> **TASK STATEMENT**
Check every line of the entries that follow, and copy the ones containing "Circle".

***** INPUT *****

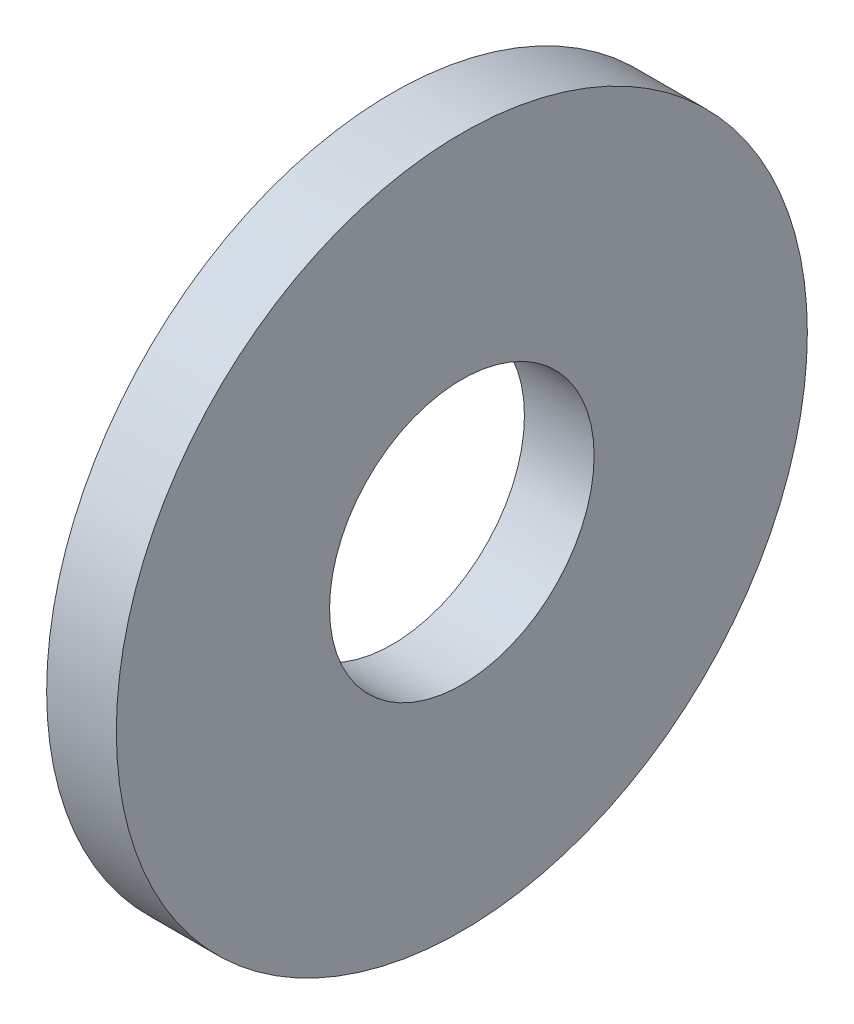
from build123d import *

# Parameters (mm, degrees)
SKETCH1_R           = 9.3218
SKETCH1_R_2         = 3.5687
BOSS_EXTRUDE1_DEPTH = 1.8796


with BuildPart() as part:
    # Sketch1 → Boss-Extrude1 (new body)
    with BuildSketch(Plane(origin=(0, 0, 0), x_dir=(0, 0, -1), z_dir=(1, 0, 0))):
        Circle(SKETCH1_R)
        Circle(SKETCH1_R_2, mode=Mode.SUBTRACT)
    extrude(amount=BOSS_EXTRUDE1_DEPTH)


solid = part.part

*****

> **WRITTEN REPLY**
        Circle(SKETCH1_R)
        Circle(SKETCH1_R_2, mode=Mode.SUBTRACT)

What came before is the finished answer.